== WHAT THIS TASK INVOLVES ==
Below is a block of records. Copy every line in it that contains the word "revolve".

-- LISTED ENTRIES follows --

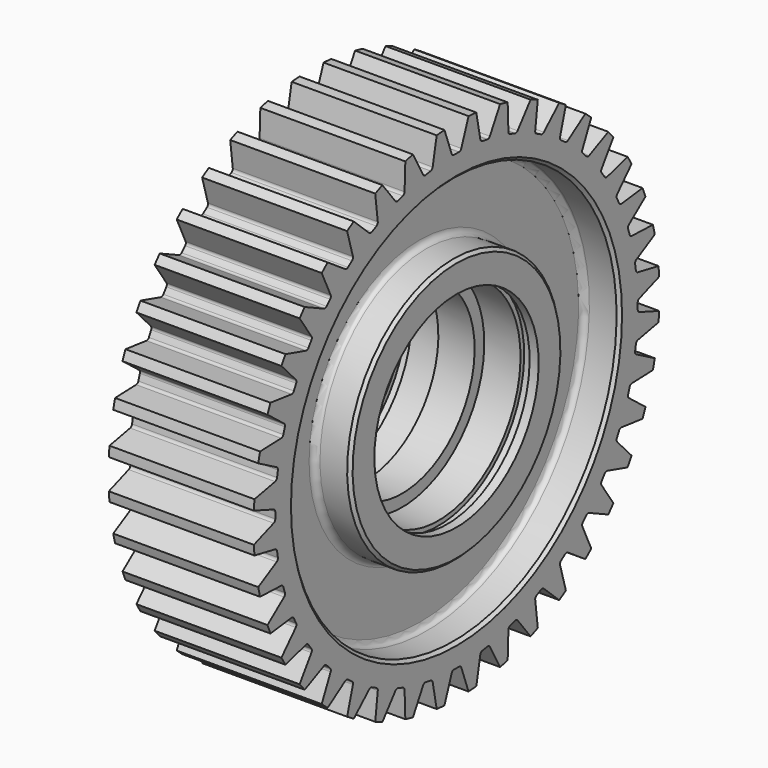
from build123d import *

# Parameters (mm, degrees)
F3_DEPTH        = 37.5
F3_COPIES_COUNT = 40
F5_SIZE2        = 1
F5_SIZE         = 1


# Not quite as in the source:
# - a feature of the source that left no trace in its solid (it failed there, or was rolled back) is left out
# - a pattern or mirror of a feature is missing from the dataset's text; its kind, count and spacing are read off the source's solid


with BuildPart() as f1:
    # F0 (on Front) → F1 (revolve)
    with BuildSketch(Plane.XZ):
        with BuildLine():
            Line((24, 84), (0, 84))
            Line((0, 84), (-24, 84))
            Line((-24, 84), (-24, 67.5))
            Line((-24, 67.5), (-14, 67.5))
            ThreePointArc((-14, 67.5), (-12.5857864376, 66.9142135624), (-12, 65.5))
            Line((-12, 65.5), (-12, 46))
            ThreePointArc((-12, 46), (-12.5857864376, 44.5857864376), (-14, 44))
            Line((-14, 44), (-24, 44))
            Line((-24, 44), (-24, 34))
            Line((-24, 34), (-21, 34))
            Line((-21, 34), (-21, 35.5))
            Line((-21, 35.5), (-18, 35.5))
            Line((-18, 35.5), (-18, 34))
            Line((-18, 34), (-6, 34))
            Line((-6, 34), (-6, 30))
            Line((-6, 30), (0, 30))
            Line((0, 30), (6, 30))
            Line((6, 30), (6, 34))
            Line((6, 34), (18, 34))
            Line((18, 34), (18, 35.5))
            Line((18, 35.5), (21, 35.5))
            Line((21, 35.5), (21, 34))
            Line((21, 34), (24, 34))
            Line((24, 34), (24, 44))
            Line((24, 44), (14, 44))
            ThreePointArc((14, 44), (12.5857864376, 44.5857864376), (12, 46))
            Line((12, 46), (12, 65.5))
            ThreePointArc((12, 65.5), (12.5857864376, 66.9142135624), (14, 67.5))
            Line((14, 67.5), (24, 67.5))
            Line((24, 67.5), (24, 84))
        make_face()
    revolve(axis=Axis((-13.5004352778, 0, 0), (-1, 0, 0)))

    # F2 (on Right) → F3 (cut, symmetric)
    with BuildSketch(Plane.YZ):
        with BuildLine():
            ThreePointArc((-1.0390922076, 74.9928015704), (0, 75), (1.0390922076, 74.9928015704))
            ThreePointArc((1.0390922076, 74.9928015704), (1.6208348109, 75.169599782), (1.9926393912, 75.6506854481))
            Line((1.9926393912, 75.6506854481), (4.9778115587, 83.8523785714))
            ThreePointArc((4.9778115587, 83.8523785714), (0, 84), (-4.9778115587, 83.8523785714))
            Line((-4.9778115587, 83.8523785714), (-1.9926393912, 75.6506854481))
            ThreePointArc((-1.9926393912, 75.6506854481), (-1.6208348109, 75.169599782), (-1.0390922076, 74.9928015704))
        make_face()
    f3 = extrude(amount=F3_DEPTH, both=True, mode=Mode.SUBTRACT)

    # F3_copies: F3 ×40 about axis
    f3_copies_axis = Axis((0, 0, 0), (1, 0, 0))
    for i in range(1, F3_COPIES_COUNT):
        add(f3.rotate(f3_copies_axis, i * 360 / F3_COPIES_COUNT), mode=Mode.SUBTRACT)

    # F5
    f5_edges = [f1.edges().sort_by_distance(p)[0] for p in [
        (24, 0, -67.5),
        (24, 0, -44),
        (-24, 0, -44),
        (-24, 0, -67.5),
    ]]
    chamfer(f5_edges, length=F5_SIZE, length2=F5_SIZE2)


solid = f1.part

-- LISTED ENTRIES concluded --

== ANSWER TO THIS EXERCISE ==
    # F0 (on Front) → F1 (revolve)
    revolve(axis=Axis((-13.5004352778, 0, 0), (-1, 0, 0)))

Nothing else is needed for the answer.